То, что есть в теле и другие больные места, она слышала, но предпочла забыть. Говорят, где-то там метастазы. Ну и что? Операция-то прошла нормально, вот что важно. Сергей отпущен домой, он идет на поправку — вот что важно. Им повезло, им разрешили ехать домой. Других хоронят, отвозят в больничный морг, складывают в черные полиэтиленовые мешки, как мусор, — а вот их отпустили живыми! Она смотрела на мужа — тот лежал на носилках внутри машины, и голова его моталась из стороны в сторону, когда машина поворачивала, — смотрела на его серое лицо, точнее, на остатки лица, потому что лицо уже было сгрызено смертью, смотрела и думала: нам повезло!

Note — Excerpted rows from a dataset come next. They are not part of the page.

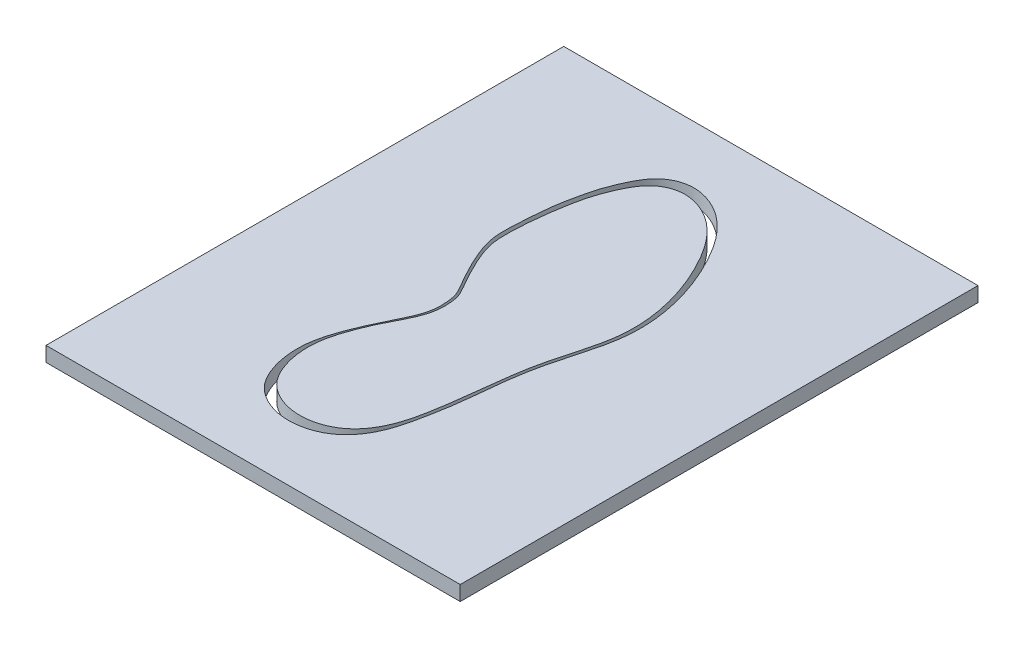
from build123d import *

# Parameters (mm, degrees)
SKETCH2_W           = 280
SKETCH2_H           = 350
BOSS_EXTRUDE1_DEPTH = 10
BOSS_EXTRUDE2_DEPTH = 10


with BuildPart() as part:
    # Sketch2 → Boss-Extrude1 (new body)
    with BuildSketch(Plane(origin=(0, 0, 0), x_dir=(1, 0, 0), z_dir=(0, 1, 0))):
        with Locations((53.146720033, 159.885236331)):
            Rectangle(SKETCH2_W, SKETCH2_H)
        with BuildLine():
            add(Edge.make_bspline(
                [(38.248600966, 296.026263032), (35.841020592, 295.869941907), (30.315231382, 294.730156235), (22.460147791, 290.044080709), (16.528277191, 282.038639037), (11.708875059, 271.886259135), (7.802809876, 261.380875489), (5.708938795, 251.324876792), (3.216561624, 240.260346119), (1.928014659, 225.673824985), (0.712749248, 210.75087153), (1.31423054, 195.838688163), (5.967698385, 183.24321844), (12.230321126, 170.56915956), (17.796150421, 160.872882757), (21.989284098, 153.758806103), (23.555393013, 145.317228798), (23.597290488, 134.395063889), (18.154871757, 121.812338834), (10.884376304, 107.467497451), (4.535178046, 92.56883593), (0.422338647, 78.059998778), (-0.403038286, 64.502575327), (1.792405648, 50.204252036), (10.05001283, 32.156777078), (33.615914627, 19.566209828), (60.487610209, 25.509547246), (77.825202179, 46.510166814), (82.549330907, 68.131539705), (86.888235098, 92.414146457), (88.538534523, 114.699319675), (92.23115196, 138.573944478), (98.779440352, 161.751601998), (104.76285143, 185.008356543), (104.068701573, 208.875006986), (98.468724938, 233.677829106), (87.788859377, 258.272999951), (73.425700915, 280.257280072), (56.240770364, 293.194014593), (43.887362588, 296.392380637), (38.248600966, 296.026263032)],
                knots=[0, 0, 0, 0, 0.011197393, 0.025870603, 0.041353186, 0.056716907, 0.078087435, 0.093206206, 0.104403599, 0.130762228, 0.161070934, 0.174020562, 0.19973575, 0.222489748, 0.23977795, 0.251849445, 0.260384497, 0.279363992, 0.301614912, 0.323052958, 0.354374743, 0.376673722, 0.3927372, 0.417093151, 0.443447683, 0.481983768, 0.531424973, 0.557124984, 0.604875648, 0.631667447, 0.67215217, 0.708490081, 0.743678815, 0.784132299, 0.819354322, 0.853415036, 0.901765615, 0.943420331, 0.973774737, 1, 1, 1, 1], degree=3))
        make_face(mode=Mode.SUBTRACT)
    extrude(amount=BOSS_EXTRUDE1_DEPTH)


with BuildPart() as body_2:
    # Sketch3 → Boss-Extrude2 (new body)
    with BuildSketch(Plane(origin=(0, 10, 0), x_dir=(1, 0, 0), z_dir=(0, 1, 0))):
        with BuildLine():
            add(Edge.make_bspline(
                [(39.071515045, 289.191713461), (36.784332144, 289.043204994), (31.534906689, 287.960394859), (24.071989816, 283.508731667), (18.439146861, 275.903112311), (13.850432865, 266.260251261), (10.187237166, 256.271347727), (6.900495891, 241.474251784), (4.569009583, 224.671633647), (3.428616136, 208.175997234), (3.978664415, 194.016708583), (9.642058387, 178.657772382), (17.246941244, 164.841941667), (23.622901917, 154.03845497), (25.123562514, 146.018566396), (25.009927703, 131.157514658), (14.607394388, 114.232181053), (7.084366737, 95.911043981), (3.130248724, 82.123160365), (2.354792895, 69.244424965), (4.437217225, 55.66077025), (12.283822076, 38.515531555), (34.666256883, 26.555934637), (60.214229715, 32.195900676), (76.631601184, 52.163311317), (83.310945784, 80.879622758), (86.203940337, 111.444244558), (90.317850666, 139.623714685), (96.587309825, 161.627157243), (102.257255546, 183.725585081), (101.601282412, 206.39780824), (96.280369037, 229.960784388), (86.134833138, 253.326091062), (72.489738375, 274.211185251), (56.16410166, 286.501072373), (44.428295364, 289.539533145), (39.071515045, 289.191713461)],
                knots=[0, 0, 0, 0, 0.011197393, 0.025870603, 0.041353186, 0.056716907, 0.078087435, 0.093206206, 0.130762228, 0.161070934, 0.174020562, 0.19973575, 0.23977795, 0.251849445, 0.260384497, 0.279363992, 0.323052958, 0.354374743, 0.376673722, 0.3927372, 0.417093151, 0.443447683, 0.481983768, 0.531424973, 0.557124984, 0.604875648, 0.67215217, 0.708490081, 0.743678815, 0.784132299, 0.819354322, 0.853415036, 0.901765615, 0.943420331, 0.973774737, 1, 1, 1, 1], degree=3))
        make_face()
    extrude(amount=-BOSS_EXTRUDE2_DEPTH)


solid = Compound([part.part, body_2.part])
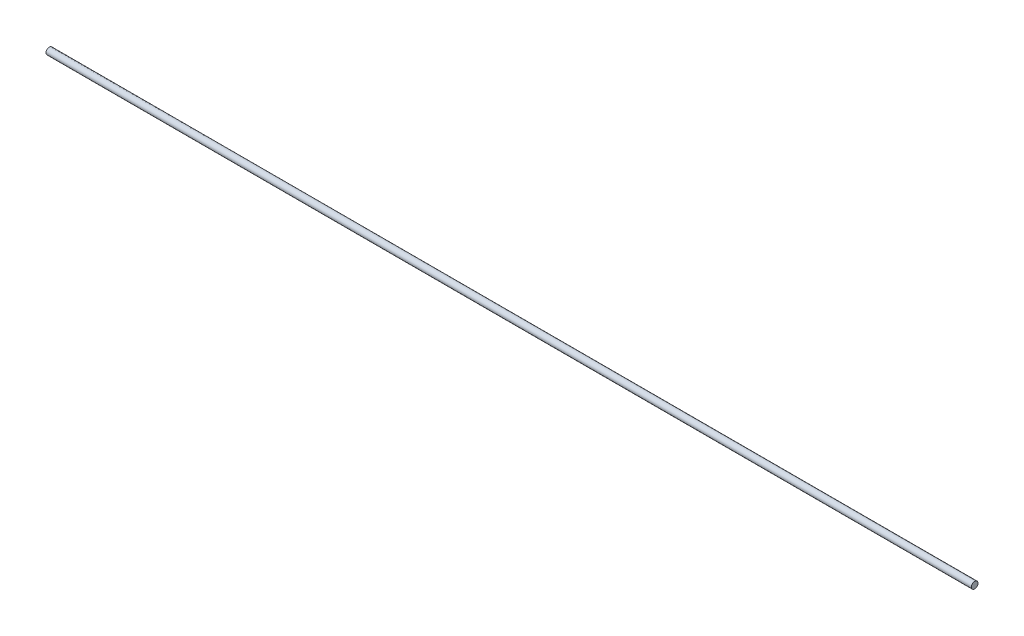
from build123d import *

# Parameters (mm, degrees)
SKETCH1_W = 140
SKETCH1_H = 0.5


with BuildPart() as part:
    # Sketch1 → Revolve1 (revolve)
    with BuildSketch(Plane.XY, mode=Mode.PRIVATE) as revolve1_sk:
        with Locations((70, 0.25)):
            Rectangle(SKETCH1_W, SKETCH1_H)
    revolve(revolve1_sk.sketch.rotate(Axis((0, 0, 0), (1, 0, 0)), 90), axis=Axis((0, 0, 0), (1, 0, 0)))


solid = part.part
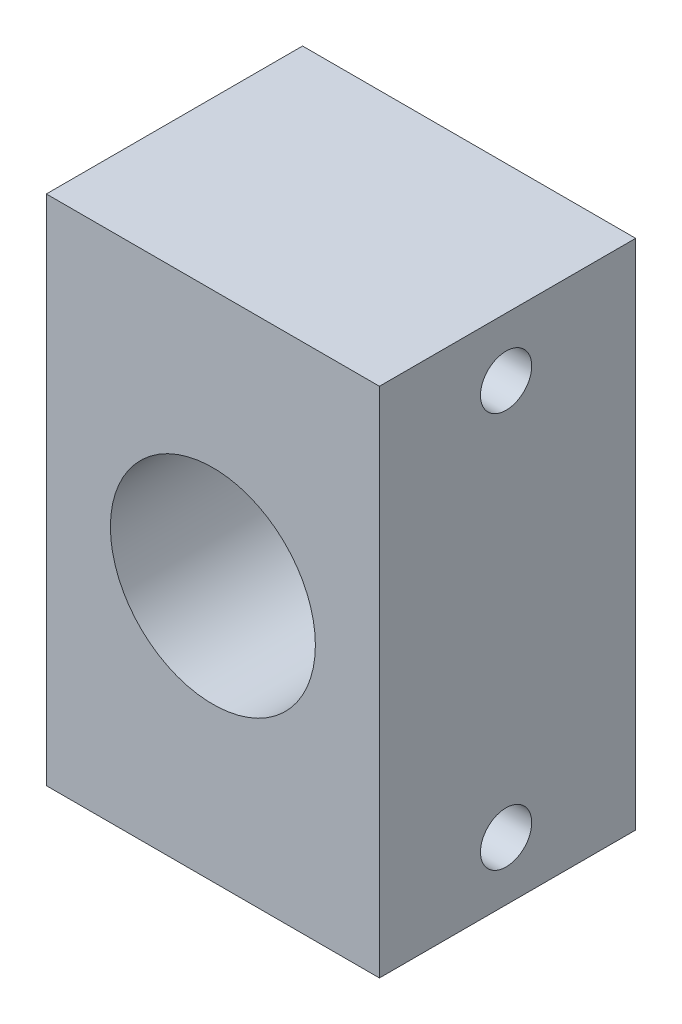
from build123d import *

# Parameters (mm, degrees)
SKETCH1_W           = 13
SKETCH1_H           = 20
SKETCH1_R           = 4
BOSS_EXTRUDE1_DEPTH = 10
SKETCH2_R           = 1
CUT_EXTRUDE1_DEPTH  = 20.209372712


with BuildPart() as part:
    # Sketch1 → Boss-Extrude1 (new body)
    with BuildSketch(Plane.XY):
        Rectangle(SKETCH1_W, SKETCH1_H)
        Circle(SKETCH1_R, mode=Mode.SUBTRACT)
    extrude(amount=BOSS_EXTRUDE1_DEPTH)

    # Sketch2 → Cut-Extrude1 (cut, through all)
    with BuildSketch(Plane(origin=(6.5, 0, 0), x_dir=(0, 0, -1), z_dir=(1, 0, 0))):
        with Locations((-5.057573934, 7.718180526)):
            Circle(SKETCH2_R)
    cut_extrude1 = extrude(amount=-CUT_EXTRUDE1_DEPTH, mode=Mode.SUBTRACT)

    # Mirror1: Cut-Extrude1 across plane
    add(cut_extrude1.mirror(Plane.ZX), mode=Mode.SUBTRACT)


solid = part.part

— Нам повезло, — повторяла она с отчаянием, заговаривая судьбу, заговаривая страх, — нам повезло!
13
Достоинства Валерия Сердюкова были неоспоримы, и, когда сенатор Губкин представил нового редактора коллективу газеты, вопросов ни у кого не возникло. Сердюков был в одном из своих двухсот представительских костюмов, а именно в бежевом с золотым отливом. На шее демократа номер один был повязан алый галстук в синюю полоску, и в целом сочетание цветов (красно-лазорево-белый, как на российском флаге) получилось патриотичным. Сотрудники газеты расценили гардероб нового начальника как заявленную программу развития издания. Газета будет независимой, но станет обслуживать вертикаль власти. Либерализм — да, но либерализм не безответственный, либерализм государственный. Демократия, бесспорно, — но суверенная демократия.